Reconciling strange metal transport in CeCoIn$_5$ through the difference of optical and cyclotron effective masses

TL;DR

This study investigates the optical and cyclotron effective masses in CeCoIn$_5$, revealing a hidden Fermi liquid behavior with a T$^2$ relaxation rate and a temperature-dependent optical mass, reconciling strange metal transport phenomena.

Contribution

The paper demonstrates that the optical mass in CeCoIn$_5$ scales as 1/T, contrasting with the cyclotron mass, and explains strange metal transport through this mass difference, revealing FL-like physics.

Findings

Current relaxation rate scales as T$^2$

Optical mass scales roughly as 1/T

Reconciliation of linear resistivity with Fermi liquid behavior

Abstract

The strange metal behavior in cuprate superconductors - characterized by linear in temperature resistivity and anomalous Hall transport - stands in stark contrast to the expectation of conventional Fermi liquid (FL) theory. Remarkably, the similar transport behavior has also been observed in the heavy fermion metal CeCoIn$_5$, whose d-wave superconducting ground state and strong antiferromagnetic fluctuations draw parallels to the cuprates. Here we have investigated the optical conductivity of the strange metal state of CeCoIn$_5$ over a wide magnetic field range using time-domain THz spectroscopy (TDTS).

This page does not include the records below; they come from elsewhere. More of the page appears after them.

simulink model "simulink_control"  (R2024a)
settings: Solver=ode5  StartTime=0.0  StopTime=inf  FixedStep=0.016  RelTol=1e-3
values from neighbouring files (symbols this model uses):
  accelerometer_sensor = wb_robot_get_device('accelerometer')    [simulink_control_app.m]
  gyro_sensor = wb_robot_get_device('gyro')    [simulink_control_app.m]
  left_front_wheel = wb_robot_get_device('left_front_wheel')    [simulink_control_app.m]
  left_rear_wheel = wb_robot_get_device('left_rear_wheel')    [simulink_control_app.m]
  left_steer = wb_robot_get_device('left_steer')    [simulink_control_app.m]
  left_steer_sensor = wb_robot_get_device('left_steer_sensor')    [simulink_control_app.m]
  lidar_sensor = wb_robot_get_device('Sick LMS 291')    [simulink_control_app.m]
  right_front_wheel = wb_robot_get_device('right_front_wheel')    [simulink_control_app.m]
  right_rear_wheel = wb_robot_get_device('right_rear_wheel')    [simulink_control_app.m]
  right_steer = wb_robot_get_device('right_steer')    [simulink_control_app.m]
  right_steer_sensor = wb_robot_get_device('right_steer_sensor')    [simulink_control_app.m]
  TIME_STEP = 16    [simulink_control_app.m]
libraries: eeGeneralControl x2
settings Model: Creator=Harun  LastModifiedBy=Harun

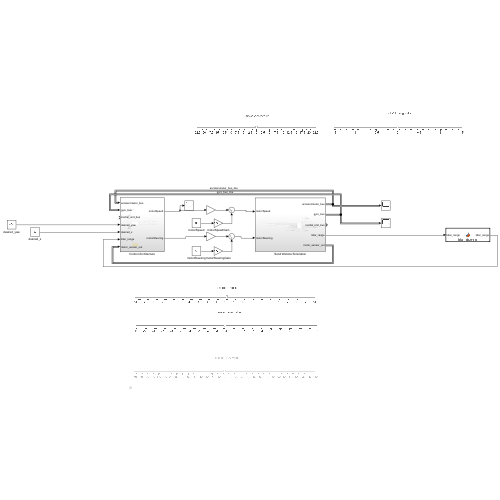
[thumbnail: Simulink's stored preview of the top-level diagram]
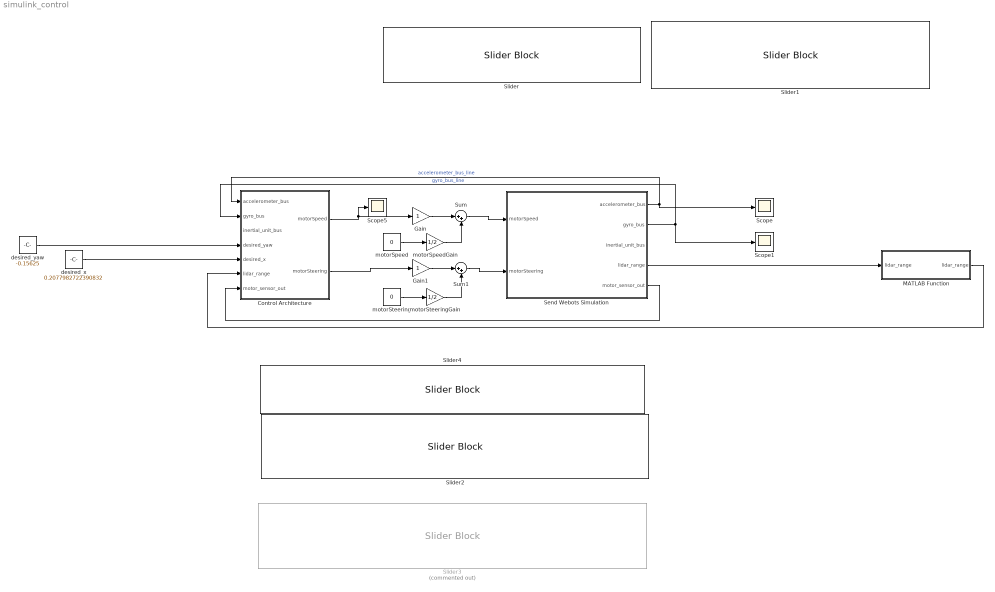
== system simulink_control ==
  Control Architecture : Subsystem
  Gain : Gain
  Gain1 : Gain
  MATLAB Function : MATLAB Function  TreatAsAtomicUnit=on
  Scope : Scope
  Scope1 : Scope
  Scope5 : Scope
  Send Webots Simulation : Subsystem
  Slider : SliderBlock  ScaleMin=-22.5  ScaleMax=22.5  TickInterval=2.5
  Slider1 : SliderBlock  ScaleMin=-1.5  ScaleMax=1.5  TickInterval=0.5
  Slider2 : SliderBlock  ScaleMin=-10  ScaleMax=10  TickInterval=1
  Slider3 : SliderBlock  Commented=on  ScaleMin=-150  ScaleMax=150  TickInterval=10
  Slider4 : SliderBlock  ScaleMin=-10  ScaleMax=10
  Sum : Sum  Inputs=|++
  Sum1 : Sum  Inputs=|++
  desired_x : Constant  Value=0.2077982722390832
  desired_yaw : Constant  Value=-0.15625
  motorSpeed : Constant  Value=0
  motorSpeedGain : Gain  Gain=1/2
  motorSteering : Constant  Value=0
  motorSteeringGain : Gain  Gain=1/2
  wires:
  motorSteering/1 -> motorSteeringGain/1
  motorSpeed/1 -> motorSpeedGain/1
  Sum/1 -> Send Webots Simulation/1(motorSpeed)
  Control Architecture/1(motorSpeed) -> Scope5/1, Gain/1
  Control Architecture/2(motorSteering) -> Gain1/1
  Sum1/1 -> Send Webots Simulation/2(motorSteering)
  motorSpeedGain/1 -> Sum/2
  motorSteeringGain/1 -> Sum1/2
  desired_yaw/1 -> Control Architecture/4(desired_yaw)
  Send Webots Simulation/1(accelerometer_bus) -> Control Architecture/1(accelerometer_bus), Scope/1  "accelerometer_bus_line"
  Send Webots Simulation/2(gyro_bus) -> Control Architecture/2(gyro_bus), Scope1/1  "gyro_bus_line"
  Gain/1 -> Sum/1
  Gain1/1 -> Sum1/1
  desired_x/1 -> Control Architecture/5(desired_x)
  Send Webots Simulation/4(lidar_range) -> MATLAB Function/1("lidar_range ")
  MATLAB Function/1(lidar_range) -> Control Architecture/6(lidar_range)
  Send Webots Simulation/5(motor_sensor_out) -> Control Architecture/7(motor_sensor_out)

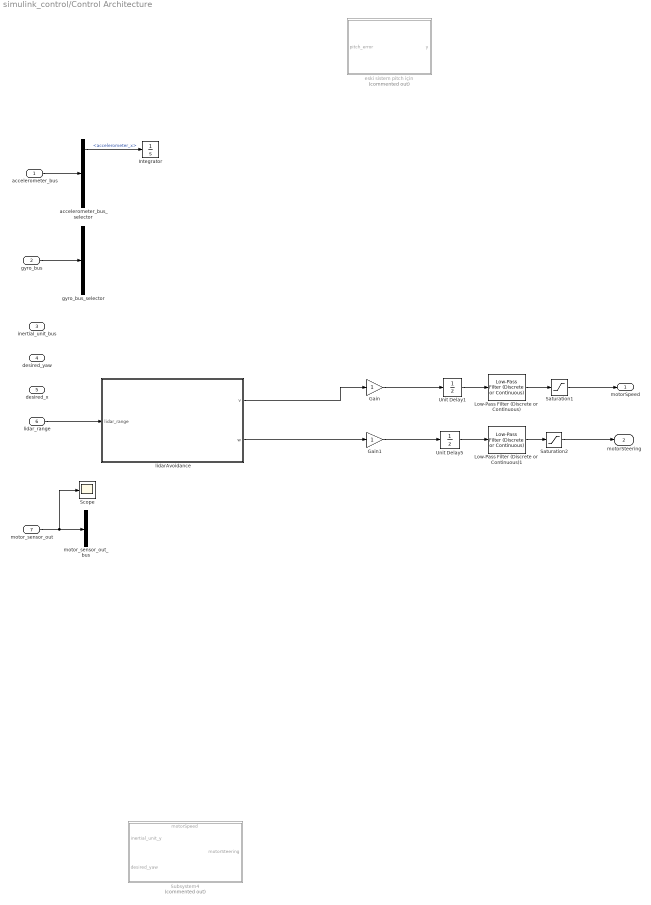
== system simulink_control/Control Architecture ==
  accelerometer_bus : Inport
  gyro_bus : Inport  Port=2
  inertial_unit_bus : Inport  Port=3
  desired_yaw : Inport  Port=4
  desired_x : Inport  Port=5
  lidar_range : Inport  Port=6
  motor_sensor_out : Inport  Port=7
  Gain : Gain
  Gain1 : Gain
  Integrator : Integrator
  Low-Pass Filter (Discrete or Continuous) : eeGeneralControl/Low-Pass Filter (Discrete or Continuous)  K=1  T=0.016  B=inf  A=-inf  init_option=Inherited from block input  x0=0  Ts=-1
  Low-Pass Filter (Discrete or Continuous)1 : eeGeneralControl/Low-Pass Filter (Discrete or Continuous)  K=1  T=0.016  B=inf  A=-inf  init_option=Inherited from block input  x0=0  Ts=-1
  Saturation1 : Saturate  UpperLimit=15  LowerLimit=-15
  Saturation2 : Saturate  UpperLimit=15  LowerLimit=-15
  Scope : Scope
  Subsystem4 : Subsystem  Commented=on
      settings: PortSchema="{\"entries\":[{\"content\":{\"sides\":[{\"content\":{\"connectorIds\":[\"In1\",\"In2\"]},\"type\":\"ConnectorPlacement.EquallySpacedRectSide\",\"uuid\":\"8ea77c90-69e3-4b28-847a-36c3733c4ca1\"},{\"content\":{\"connectorIds\":[\"Out1\"],\"side\":\"RIGHT\"},\"type\":\"ConnectorPlacement.EquallySpacedRectSide\",\"uuid\":\"94f1f4b2-c797-44bf-abc2-6d3fe195cf34\"},{\"content\":{\"connectorIds\":[\"In3\"],\"side\":\"TOP\"},\"type\":\"ConnectorPlacement.EquallySpacedRectSide\",\"uuid\":\"06572095-9567-46cb-bcf7-b6a4abacf0e1\"}]},\"type\":\"ConnectorPlacement.EquallySpacedConnector\",\"uuid\":\"9f096835-0cc4-4d1f-8b4a-1f4eeb97a32d\"}],\"packageUris\":[\"http://schema.mathworks.com/mf0/Connector/R2020b\"],\"version\":\"1.0\"}"
  Unit Delay1 : UnitDelay  SampleTime=-1  HasFrameUpgradeWarning=on
  Unit Delay5 : UnitDelay  SampleTime=-1  HasFrameUpgradeWarning=on
  accelerometer_bus_selector : BusSelector  OutputSignals=accelerometer_x,accelerometer_y,accelerometer_z
  eski sistem pitch için : Subsystem  Commented=on
  gyro_bus_selector : BusSelector  OutputSignals=gyro_x,gyro_y,gyro_z
  lidarAvoidance : MATLAB Function  TreatAsAtomicUnit=on
  motor_sensor_out_bus : BusSelector  OutputSignals=left_steer_sensor_out,right_steer_sensor_out
  motorSpeed : Outport
  motorSteering : Outport  Port=2
  wires:
  accelerometer_bus/1 -> accelerometer_bus_selector/1
  gyro_bus/1 -> gyro_bus_selector/1
  Saturation1/1 -> motorSpeed/1
  Unit Delay1/1 -> Low-Pass Filter (Discrete or Continuous)/1
  Low-Pass Filter (Discrete or Continuous)/1 -> Saturation1/1
  Unit Delay5/1 -> Low-Pass Filter (Discrete or Continuous)1/1
  Low-Pass Filter (Discrete or Continuous)1/1 -> Saturation2/1
  accelerometer_bus_selector/1 -> Integrator/1  "<accelerometer_x>"
  Saturation2/1 -> motorSteering/1
  lidar_range/1 -> lidarAvoidance/1(lidar_range)
  lidarAvoidance/1(v) -> Gain/1
  lidarAvoidance/2(w) -> Gain1/1
  motor_sensor_out/1 -> Scope/1, motor_sensor_out_bus/1
  Gain/1 -> Unit Delay1/1
  Gain1/1 -> Unit Delay5/1

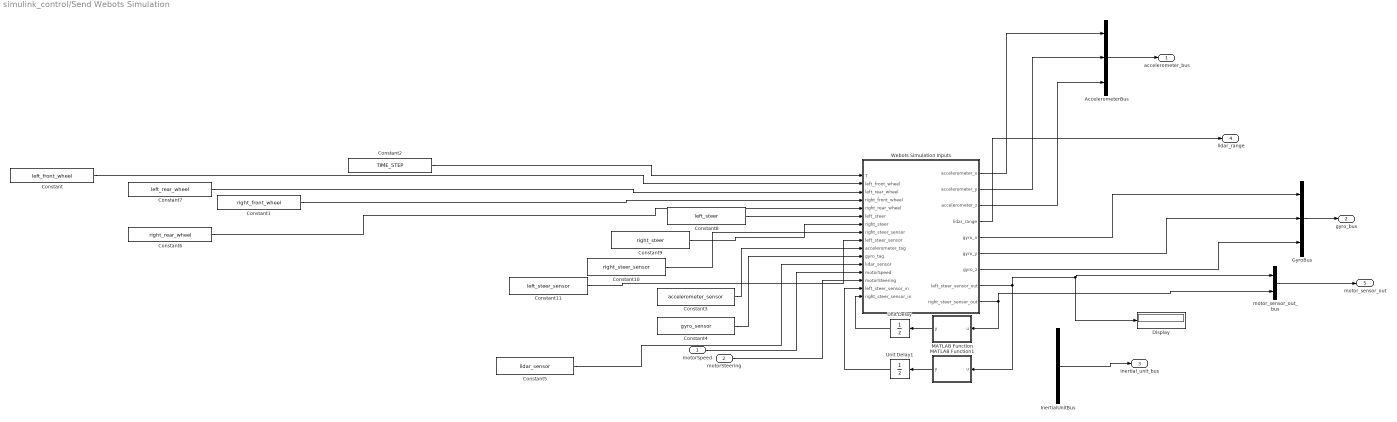
== system simulink_control/Send Webots Simulation ==
  motorSpeed : Inport
  motorSteering : Inport  Port=2
  AccelerometerBus : BusCreator  Inputs=3
  Constant : Constant  Value=left_front_wheel
  Constant1 : Constant  Value=right_front_wheel
  Constant10 : Constant  Value=right_steer_sensor
  Constant11 : Constant  Value=left_steer_sensor
  Constant2 : Constant  Value=TIME_STEP
  Constant3 : Constant  Value=accelerometer_sensor
  Constant4 : Constant  Value=gyro_sensor
  Constant5 : Constant  Value=lidar_sensor
  Constant6 : Constant  Value=right_rear_wheel
  Constant7 : Constant  Value=left_rear_wheel
  Constant8 : Constant  Value=left_steer
  Constant9 : Constant  Value=right_steer
  Display : Display
  GyroBus : BusCreator  Inputs=3
  InertialUnitBus : BusCreator  Inputs=3
  MATLAB Function : MATLAB Function  TreatAsAtomicUnit=on
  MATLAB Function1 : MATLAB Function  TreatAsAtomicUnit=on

Using unique high-field THz spectroscopy we have shown that the current relaxation rate scales approximately as T$^2$, giving evidence for a hidden Fermi liquid state over a large field range. This result can be reconciled with linear in T resistivity with the realization that heavy quasiparticles have an optical mass that scales roughly like 1/T. This optical mass contrasts with the mass that characterizes cyclotron motion, which does not suffer the same large temperature dependent renormalization. Although by itself anomalous, this allows one to understand a number of other phenomena in CeCoIn$_5$ that have been taken to be signatures of strange metals, including the coexistence of a conventional T$^2$ dependence of the cotangent of the Hall angle with the linear in T resistivity, which with our observation also reflects FL-like physics.